[Collected data entries]
• • • • •
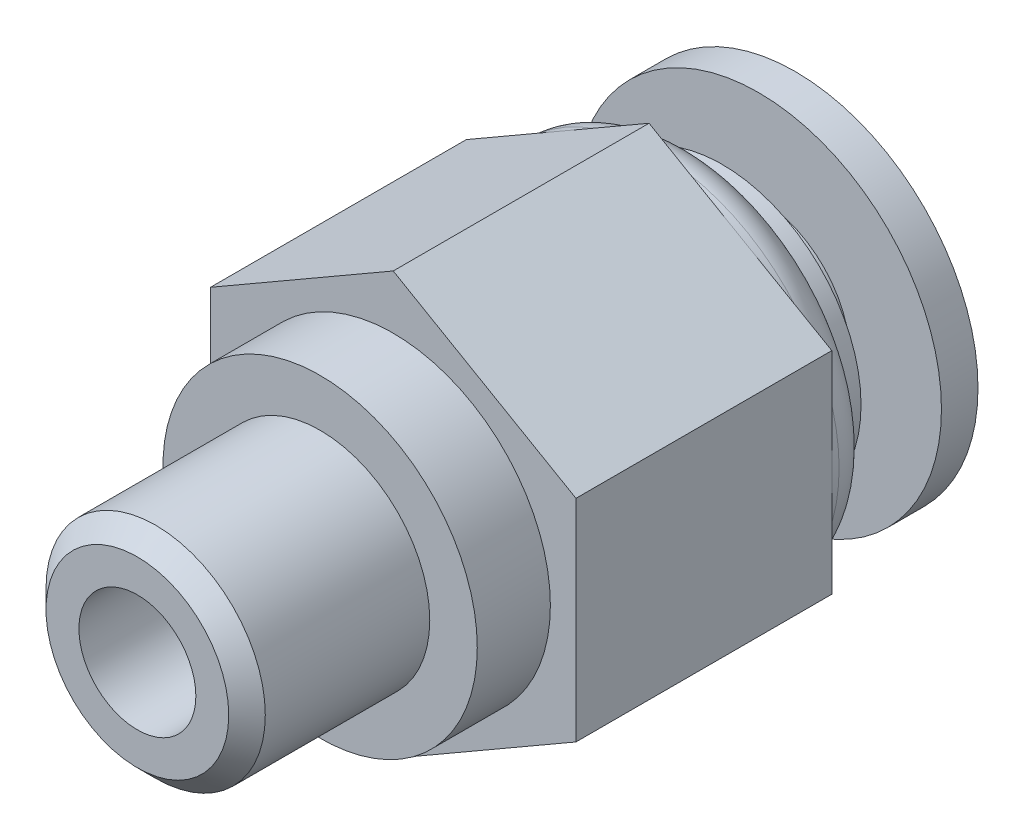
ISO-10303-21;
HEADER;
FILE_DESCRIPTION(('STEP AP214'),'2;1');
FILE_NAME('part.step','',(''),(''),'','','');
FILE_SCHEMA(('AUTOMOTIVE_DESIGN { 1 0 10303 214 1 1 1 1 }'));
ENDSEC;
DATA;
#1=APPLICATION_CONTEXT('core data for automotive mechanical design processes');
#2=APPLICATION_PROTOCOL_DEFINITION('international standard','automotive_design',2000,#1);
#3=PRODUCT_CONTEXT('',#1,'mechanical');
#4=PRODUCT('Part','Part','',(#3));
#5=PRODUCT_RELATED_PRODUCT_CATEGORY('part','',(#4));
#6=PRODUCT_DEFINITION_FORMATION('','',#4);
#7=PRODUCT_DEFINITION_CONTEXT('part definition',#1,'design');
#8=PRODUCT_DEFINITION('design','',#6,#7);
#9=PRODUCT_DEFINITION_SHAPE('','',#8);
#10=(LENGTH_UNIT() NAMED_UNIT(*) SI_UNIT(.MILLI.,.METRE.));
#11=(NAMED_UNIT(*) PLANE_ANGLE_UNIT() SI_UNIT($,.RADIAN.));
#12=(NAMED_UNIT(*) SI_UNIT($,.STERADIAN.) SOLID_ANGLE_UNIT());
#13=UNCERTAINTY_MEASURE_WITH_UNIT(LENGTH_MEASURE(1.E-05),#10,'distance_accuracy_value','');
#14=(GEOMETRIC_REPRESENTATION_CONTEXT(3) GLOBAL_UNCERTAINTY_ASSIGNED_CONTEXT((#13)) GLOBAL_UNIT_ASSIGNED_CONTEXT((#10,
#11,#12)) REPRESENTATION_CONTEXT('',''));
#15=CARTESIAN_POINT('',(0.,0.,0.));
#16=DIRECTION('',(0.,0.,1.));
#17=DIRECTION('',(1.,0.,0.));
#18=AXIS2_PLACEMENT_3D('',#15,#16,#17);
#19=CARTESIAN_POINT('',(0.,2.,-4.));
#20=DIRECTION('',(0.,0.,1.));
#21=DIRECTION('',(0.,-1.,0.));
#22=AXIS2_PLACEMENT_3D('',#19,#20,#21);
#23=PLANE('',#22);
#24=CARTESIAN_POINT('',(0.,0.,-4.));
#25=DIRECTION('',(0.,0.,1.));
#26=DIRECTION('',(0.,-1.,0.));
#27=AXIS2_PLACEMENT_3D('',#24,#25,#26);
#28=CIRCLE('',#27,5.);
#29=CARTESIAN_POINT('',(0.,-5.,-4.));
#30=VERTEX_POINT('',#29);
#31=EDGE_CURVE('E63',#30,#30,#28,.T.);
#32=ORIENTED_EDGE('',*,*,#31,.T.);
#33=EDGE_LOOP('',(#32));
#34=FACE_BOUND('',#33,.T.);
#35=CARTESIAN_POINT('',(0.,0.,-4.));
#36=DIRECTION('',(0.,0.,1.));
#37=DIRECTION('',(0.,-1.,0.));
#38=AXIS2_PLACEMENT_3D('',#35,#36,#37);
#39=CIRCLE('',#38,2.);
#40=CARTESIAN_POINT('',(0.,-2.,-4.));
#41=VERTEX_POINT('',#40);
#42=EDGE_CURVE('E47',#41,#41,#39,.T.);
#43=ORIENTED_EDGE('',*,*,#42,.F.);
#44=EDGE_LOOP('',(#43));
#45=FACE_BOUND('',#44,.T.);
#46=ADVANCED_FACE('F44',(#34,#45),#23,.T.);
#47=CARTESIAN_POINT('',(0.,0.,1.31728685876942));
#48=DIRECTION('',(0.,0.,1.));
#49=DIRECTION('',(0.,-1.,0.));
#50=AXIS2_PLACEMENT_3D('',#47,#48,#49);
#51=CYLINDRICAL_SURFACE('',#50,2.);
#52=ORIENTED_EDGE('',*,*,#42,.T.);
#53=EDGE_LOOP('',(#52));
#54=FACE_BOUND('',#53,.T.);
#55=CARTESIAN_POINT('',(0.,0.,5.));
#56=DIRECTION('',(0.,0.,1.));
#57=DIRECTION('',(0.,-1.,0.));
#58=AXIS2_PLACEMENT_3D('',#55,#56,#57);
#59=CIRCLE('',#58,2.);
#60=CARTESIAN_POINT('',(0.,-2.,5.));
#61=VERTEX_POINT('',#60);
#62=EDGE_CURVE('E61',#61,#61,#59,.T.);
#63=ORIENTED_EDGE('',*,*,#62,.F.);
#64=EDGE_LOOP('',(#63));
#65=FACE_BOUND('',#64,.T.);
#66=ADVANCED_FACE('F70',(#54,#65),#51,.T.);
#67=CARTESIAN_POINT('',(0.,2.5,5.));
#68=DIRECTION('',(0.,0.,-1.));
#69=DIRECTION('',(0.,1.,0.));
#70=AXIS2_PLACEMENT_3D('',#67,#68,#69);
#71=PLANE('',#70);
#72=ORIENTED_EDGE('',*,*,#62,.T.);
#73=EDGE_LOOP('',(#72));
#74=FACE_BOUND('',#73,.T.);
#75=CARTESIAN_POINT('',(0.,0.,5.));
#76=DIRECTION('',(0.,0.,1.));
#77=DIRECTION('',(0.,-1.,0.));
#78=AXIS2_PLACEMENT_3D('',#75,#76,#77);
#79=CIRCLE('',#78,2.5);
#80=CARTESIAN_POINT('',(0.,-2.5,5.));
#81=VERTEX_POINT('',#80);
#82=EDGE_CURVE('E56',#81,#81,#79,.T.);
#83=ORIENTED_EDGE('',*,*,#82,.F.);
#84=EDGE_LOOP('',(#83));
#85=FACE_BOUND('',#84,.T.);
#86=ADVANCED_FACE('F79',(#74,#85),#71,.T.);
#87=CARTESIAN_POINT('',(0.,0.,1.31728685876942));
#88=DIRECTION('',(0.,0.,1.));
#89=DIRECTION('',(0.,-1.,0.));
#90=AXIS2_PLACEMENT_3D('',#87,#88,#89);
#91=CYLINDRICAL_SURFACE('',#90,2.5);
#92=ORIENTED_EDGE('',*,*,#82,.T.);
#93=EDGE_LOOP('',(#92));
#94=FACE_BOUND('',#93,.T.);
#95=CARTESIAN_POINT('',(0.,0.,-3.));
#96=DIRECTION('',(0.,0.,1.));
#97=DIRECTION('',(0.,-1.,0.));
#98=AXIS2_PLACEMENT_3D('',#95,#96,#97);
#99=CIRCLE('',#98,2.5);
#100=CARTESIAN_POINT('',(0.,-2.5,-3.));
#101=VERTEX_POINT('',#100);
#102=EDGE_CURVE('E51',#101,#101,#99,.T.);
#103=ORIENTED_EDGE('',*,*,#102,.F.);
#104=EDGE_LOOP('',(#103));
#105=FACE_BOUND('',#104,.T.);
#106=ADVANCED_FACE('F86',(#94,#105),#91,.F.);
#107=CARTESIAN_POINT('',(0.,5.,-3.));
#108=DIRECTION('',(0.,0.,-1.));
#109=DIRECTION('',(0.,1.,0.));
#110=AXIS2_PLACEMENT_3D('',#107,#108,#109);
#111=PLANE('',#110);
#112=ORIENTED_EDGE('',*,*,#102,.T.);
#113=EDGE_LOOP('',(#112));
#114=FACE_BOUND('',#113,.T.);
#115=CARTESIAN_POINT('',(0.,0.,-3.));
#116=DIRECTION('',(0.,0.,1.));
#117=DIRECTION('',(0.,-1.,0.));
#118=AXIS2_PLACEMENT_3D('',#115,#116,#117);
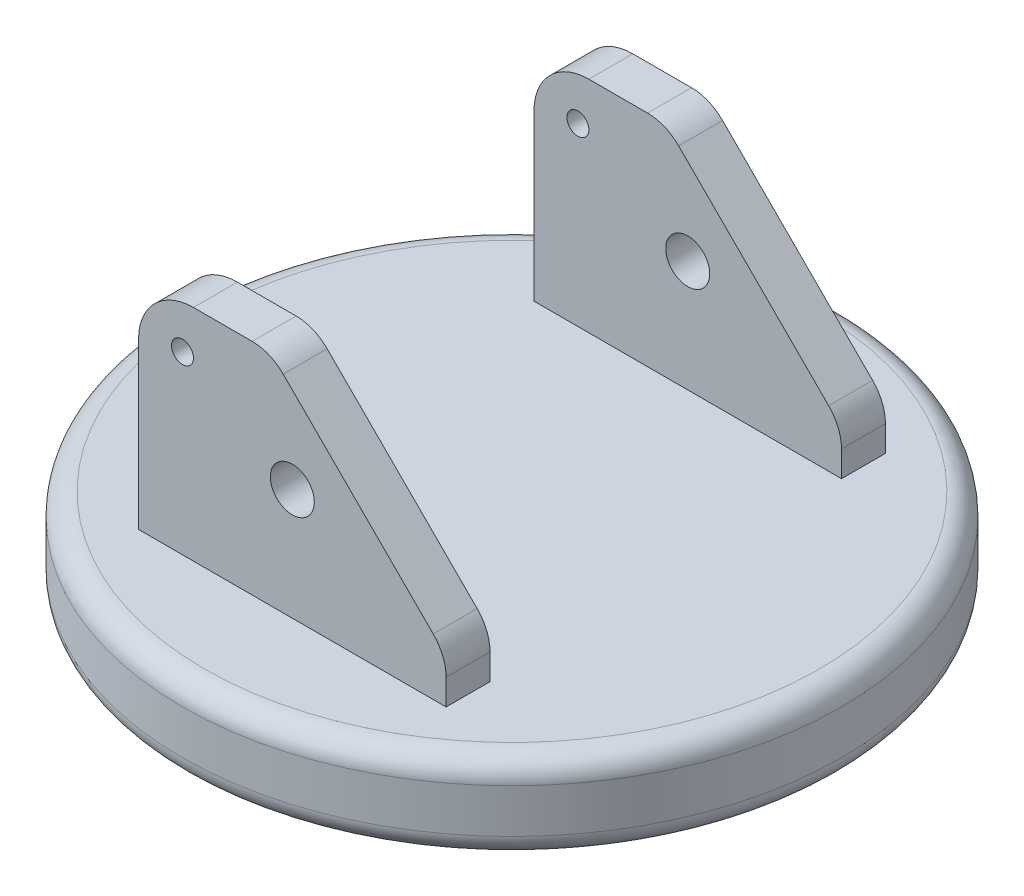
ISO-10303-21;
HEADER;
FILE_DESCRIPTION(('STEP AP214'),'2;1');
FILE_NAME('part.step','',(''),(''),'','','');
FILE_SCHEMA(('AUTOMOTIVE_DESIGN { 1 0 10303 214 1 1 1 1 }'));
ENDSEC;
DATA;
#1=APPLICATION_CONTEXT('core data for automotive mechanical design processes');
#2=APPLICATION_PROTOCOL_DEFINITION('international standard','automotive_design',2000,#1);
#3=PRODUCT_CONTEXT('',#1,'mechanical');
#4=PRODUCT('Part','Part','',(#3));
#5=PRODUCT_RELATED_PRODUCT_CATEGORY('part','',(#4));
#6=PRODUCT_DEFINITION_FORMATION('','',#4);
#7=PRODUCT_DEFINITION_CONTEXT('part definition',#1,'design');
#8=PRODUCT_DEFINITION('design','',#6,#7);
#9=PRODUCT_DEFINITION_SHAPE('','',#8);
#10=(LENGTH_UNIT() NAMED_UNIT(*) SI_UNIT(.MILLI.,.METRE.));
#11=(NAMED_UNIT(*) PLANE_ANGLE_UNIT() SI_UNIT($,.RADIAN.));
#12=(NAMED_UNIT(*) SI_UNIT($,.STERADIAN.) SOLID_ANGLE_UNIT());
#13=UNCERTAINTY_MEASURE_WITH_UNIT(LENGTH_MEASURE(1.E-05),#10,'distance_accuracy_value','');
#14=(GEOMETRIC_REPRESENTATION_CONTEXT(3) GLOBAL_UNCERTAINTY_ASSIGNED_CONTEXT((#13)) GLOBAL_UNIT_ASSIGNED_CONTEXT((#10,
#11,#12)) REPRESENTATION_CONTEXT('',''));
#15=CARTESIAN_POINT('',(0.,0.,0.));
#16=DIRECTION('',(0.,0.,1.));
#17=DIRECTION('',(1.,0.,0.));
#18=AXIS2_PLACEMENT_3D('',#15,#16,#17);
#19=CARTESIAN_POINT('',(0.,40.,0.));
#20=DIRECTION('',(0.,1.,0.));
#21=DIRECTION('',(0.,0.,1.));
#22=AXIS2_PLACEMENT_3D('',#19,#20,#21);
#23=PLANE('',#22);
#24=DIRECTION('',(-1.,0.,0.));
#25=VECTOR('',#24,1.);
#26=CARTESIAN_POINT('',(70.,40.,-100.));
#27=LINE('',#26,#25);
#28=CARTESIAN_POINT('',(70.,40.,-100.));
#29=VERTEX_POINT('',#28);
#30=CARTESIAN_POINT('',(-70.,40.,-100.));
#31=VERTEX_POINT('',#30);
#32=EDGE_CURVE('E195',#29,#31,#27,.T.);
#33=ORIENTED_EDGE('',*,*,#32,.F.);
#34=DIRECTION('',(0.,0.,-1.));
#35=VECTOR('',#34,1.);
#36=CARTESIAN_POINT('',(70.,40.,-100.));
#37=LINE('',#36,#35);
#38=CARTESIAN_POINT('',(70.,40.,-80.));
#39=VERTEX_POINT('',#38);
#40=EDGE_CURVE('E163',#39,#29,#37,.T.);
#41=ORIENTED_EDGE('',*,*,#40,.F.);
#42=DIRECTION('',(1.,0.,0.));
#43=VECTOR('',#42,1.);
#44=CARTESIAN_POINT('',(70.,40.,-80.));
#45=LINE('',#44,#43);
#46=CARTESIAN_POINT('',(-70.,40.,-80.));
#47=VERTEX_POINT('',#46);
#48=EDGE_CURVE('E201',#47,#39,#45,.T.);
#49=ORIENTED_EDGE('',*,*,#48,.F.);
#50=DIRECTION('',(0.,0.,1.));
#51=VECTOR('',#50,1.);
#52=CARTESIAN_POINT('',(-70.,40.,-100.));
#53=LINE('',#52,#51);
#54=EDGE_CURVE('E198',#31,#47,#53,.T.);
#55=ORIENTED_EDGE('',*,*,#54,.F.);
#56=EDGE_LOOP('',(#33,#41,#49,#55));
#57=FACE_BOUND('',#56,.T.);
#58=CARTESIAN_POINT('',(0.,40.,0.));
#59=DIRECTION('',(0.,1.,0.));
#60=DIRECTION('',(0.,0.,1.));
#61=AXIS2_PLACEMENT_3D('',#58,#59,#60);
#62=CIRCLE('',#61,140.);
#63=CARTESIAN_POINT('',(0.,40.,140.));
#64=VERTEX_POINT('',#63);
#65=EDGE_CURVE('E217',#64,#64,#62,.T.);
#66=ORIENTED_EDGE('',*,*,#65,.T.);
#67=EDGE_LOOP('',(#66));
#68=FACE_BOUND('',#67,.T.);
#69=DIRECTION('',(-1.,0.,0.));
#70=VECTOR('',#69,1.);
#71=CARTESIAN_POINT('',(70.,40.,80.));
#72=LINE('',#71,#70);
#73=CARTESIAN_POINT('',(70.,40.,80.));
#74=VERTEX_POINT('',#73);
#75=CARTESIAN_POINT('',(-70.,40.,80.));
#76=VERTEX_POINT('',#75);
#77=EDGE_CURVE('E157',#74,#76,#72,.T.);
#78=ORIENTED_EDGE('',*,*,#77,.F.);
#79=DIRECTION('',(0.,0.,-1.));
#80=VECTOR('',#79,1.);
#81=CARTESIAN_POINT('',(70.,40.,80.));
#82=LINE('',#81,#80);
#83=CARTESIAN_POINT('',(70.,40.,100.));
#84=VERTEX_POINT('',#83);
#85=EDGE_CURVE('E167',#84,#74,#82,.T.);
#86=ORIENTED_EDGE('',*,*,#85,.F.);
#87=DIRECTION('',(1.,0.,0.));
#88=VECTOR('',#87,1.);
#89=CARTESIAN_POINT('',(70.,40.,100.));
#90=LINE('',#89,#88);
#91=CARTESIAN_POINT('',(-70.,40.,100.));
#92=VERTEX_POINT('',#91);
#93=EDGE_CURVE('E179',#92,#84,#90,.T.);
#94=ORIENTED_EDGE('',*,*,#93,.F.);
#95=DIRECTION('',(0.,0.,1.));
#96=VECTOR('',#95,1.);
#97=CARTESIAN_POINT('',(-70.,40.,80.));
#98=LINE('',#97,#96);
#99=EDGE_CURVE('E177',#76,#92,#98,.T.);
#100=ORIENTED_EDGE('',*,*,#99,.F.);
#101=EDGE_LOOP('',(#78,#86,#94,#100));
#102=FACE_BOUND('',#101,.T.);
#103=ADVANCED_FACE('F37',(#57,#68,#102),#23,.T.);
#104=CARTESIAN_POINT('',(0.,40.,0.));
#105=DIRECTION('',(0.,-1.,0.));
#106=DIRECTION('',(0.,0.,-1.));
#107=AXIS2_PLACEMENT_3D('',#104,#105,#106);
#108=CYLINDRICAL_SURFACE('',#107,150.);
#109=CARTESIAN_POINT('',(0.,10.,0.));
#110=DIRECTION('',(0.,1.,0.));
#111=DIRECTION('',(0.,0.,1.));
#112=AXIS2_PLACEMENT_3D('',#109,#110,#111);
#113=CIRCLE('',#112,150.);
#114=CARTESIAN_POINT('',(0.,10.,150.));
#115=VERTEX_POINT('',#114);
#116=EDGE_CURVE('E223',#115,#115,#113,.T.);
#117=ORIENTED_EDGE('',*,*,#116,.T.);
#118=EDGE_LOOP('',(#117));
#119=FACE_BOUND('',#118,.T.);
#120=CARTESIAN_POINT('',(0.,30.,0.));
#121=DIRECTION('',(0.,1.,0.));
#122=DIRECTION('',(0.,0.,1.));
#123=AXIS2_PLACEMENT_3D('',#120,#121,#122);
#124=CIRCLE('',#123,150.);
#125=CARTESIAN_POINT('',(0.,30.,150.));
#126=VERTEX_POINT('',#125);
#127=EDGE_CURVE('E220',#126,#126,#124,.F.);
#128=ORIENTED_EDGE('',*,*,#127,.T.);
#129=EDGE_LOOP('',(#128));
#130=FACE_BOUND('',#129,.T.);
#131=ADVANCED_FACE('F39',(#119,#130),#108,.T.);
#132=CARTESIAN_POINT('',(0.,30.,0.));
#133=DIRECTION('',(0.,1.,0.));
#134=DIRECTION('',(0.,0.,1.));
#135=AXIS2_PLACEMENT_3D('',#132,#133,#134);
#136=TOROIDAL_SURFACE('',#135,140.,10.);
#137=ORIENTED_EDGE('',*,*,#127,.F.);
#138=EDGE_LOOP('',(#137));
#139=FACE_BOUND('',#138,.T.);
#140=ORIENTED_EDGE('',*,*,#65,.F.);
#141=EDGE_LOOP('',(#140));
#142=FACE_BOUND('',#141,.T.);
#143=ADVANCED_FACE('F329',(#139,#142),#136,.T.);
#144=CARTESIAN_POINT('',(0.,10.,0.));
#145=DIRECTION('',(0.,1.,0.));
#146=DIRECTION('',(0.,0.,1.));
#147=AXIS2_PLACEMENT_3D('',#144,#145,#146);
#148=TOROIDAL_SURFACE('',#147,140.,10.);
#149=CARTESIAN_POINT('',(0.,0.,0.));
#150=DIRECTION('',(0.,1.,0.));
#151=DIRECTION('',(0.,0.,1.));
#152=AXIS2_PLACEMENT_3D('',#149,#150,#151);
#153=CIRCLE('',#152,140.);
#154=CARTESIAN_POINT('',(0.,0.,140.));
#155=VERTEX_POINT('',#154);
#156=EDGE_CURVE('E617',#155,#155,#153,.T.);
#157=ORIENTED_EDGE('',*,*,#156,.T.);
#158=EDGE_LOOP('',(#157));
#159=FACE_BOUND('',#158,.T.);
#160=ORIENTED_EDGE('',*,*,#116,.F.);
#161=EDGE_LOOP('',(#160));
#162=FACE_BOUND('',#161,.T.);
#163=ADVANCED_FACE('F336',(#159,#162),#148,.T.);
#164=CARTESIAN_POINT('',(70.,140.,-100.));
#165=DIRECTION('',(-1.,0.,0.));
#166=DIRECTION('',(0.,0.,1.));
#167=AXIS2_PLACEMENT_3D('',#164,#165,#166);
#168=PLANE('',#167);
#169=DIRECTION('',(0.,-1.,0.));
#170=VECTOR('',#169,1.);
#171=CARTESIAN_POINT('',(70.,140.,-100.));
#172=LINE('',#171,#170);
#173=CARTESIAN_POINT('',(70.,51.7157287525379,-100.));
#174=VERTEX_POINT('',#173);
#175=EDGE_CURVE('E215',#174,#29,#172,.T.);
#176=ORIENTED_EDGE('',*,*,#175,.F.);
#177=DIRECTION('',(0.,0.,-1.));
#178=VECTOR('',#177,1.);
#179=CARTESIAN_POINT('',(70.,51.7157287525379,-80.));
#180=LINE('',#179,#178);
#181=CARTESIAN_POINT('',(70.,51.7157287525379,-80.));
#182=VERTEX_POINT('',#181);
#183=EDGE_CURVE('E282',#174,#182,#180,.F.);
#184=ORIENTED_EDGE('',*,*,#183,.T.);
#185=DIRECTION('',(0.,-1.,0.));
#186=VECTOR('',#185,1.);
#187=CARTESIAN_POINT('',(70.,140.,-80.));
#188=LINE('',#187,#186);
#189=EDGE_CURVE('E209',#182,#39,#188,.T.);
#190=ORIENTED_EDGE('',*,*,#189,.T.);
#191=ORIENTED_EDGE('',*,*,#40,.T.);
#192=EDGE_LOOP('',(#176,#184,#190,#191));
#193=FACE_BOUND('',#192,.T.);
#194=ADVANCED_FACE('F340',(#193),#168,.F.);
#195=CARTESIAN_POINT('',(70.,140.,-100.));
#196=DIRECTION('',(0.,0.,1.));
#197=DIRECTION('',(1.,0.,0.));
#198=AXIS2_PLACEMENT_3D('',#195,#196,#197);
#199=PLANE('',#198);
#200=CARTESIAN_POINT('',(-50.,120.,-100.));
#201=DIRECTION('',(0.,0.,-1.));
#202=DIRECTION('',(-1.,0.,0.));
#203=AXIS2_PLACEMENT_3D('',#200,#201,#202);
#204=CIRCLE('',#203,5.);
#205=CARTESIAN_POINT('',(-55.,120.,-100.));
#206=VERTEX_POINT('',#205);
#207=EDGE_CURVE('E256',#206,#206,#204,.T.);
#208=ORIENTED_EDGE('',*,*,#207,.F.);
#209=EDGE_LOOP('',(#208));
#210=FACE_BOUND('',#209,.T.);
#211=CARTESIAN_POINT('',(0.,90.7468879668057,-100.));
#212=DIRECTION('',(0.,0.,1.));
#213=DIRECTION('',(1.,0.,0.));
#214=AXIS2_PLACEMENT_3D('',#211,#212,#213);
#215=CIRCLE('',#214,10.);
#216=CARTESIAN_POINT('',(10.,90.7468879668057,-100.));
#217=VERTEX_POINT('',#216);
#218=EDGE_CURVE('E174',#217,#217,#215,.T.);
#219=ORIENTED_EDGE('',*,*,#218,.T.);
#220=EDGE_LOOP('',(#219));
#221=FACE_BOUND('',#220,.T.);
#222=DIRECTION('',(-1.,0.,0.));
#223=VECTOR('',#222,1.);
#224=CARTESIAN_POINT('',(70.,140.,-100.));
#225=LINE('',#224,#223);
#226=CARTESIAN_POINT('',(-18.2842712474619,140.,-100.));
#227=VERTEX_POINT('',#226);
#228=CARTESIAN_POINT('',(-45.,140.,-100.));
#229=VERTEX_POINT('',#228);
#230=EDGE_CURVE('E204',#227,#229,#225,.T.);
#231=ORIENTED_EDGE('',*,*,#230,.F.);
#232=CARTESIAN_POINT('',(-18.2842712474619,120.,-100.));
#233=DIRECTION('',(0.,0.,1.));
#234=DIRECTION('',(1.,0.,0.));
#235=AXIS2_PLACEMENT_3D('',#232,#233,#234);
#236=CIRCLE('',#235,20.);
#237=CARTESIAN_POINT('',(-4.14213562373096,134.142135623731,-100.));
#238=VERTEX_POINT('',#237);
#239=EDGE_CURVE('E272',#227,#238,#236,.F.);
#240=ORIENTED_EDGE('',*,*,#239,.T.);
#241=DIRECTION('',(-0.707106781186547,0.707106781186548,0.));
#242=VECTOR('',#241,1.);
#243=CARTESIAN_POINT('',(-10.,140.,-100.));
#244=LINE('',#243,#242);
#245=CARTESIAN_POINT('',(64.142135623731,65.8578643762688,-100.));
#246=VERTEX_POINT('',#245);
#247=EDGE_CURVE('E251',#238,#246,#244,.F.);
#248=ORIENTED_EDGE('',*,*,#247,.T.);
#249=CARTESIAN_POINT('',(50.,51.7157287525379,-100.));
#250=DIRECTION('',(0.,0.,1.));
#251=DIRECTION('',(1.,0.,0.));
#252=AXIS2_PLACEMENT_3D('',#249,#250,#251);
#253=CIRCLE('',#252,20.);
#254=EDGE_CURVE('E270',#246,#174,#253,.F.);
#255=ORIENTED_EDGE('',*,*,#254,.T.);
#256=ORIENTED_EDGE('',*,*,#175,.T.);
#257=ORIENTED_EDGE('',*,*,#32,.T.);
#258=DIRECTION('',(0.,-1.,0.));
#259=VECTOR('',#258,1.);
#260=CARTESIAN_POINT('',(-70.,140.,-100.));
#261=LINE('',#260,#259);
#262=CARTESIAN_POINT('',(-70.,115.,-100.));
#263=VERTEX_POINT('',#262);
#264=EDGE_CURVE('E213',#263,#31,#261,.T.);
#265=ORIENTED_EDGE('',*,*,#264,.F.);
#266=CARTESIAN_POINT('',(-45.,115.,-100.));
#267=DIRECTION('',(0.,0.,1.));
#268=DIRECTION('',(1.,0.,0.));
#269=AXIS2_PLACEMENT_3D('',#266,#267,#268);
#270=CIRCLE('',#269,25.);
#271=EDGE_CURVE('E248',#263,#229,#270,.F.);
• • • • •
# REQUIRED WORK:
Could you retype exactly the lines above, starting at the line that contains "#210=FACE_BOUND('',#209,.T.);" and ending at the line that contains "#231=ORIENTED_EDGE('',*,*,#230,.F.);", and nothing more?

# WRITTEN SOLUTION:
#210=FACE_BOUND('',#209,.T.);
#211=CARTESIAN_POINT('',(0.,90.7468879668057,-100.));
#212=DIRECTION('',(0.,0.,1.));
#213=DIRECTION('',(1.,0.,0.));
#214=AXIS2_PLACEMENT_3D('',#211,#212,#213);
#215=CIRCLE('',#214,10.);
#216=CARTESIAN_POINT('',(10.,90.7468879668057,-100.));
#217=VERTEX_POINT('',#216);
#218=EDGE_CURVE('E174',#217,#217,#215,.T.);
#219=ORIENTED_EDGE('',*,*,#218,.T.);
#220=EDGE_LOOP('',(#219));
#221=FACE_BOUND('',#220,.T.);
#222=DIRECTION('',(-1.,0.,0.));
#223=VECTOR('',#222,1.);
#224=CARTESIAN_POINT('',(70.,140.,-100.));
#225=LINE('',#224,#223);
#226=CARTESIAN_POINT('',(-18.2842712474619,140.,-100.));
#227=VERTEX_POINT('',#226);
#228=CARTESIAN_POINT('',(-45.,140.,-100.));
#229=VERTEX_POINT('',#228);
#230=EDGE_CURVE('E204',#227,#229,#225,.T.);
#231=ORIENTED_EDGE('',*,*,#230,.F.);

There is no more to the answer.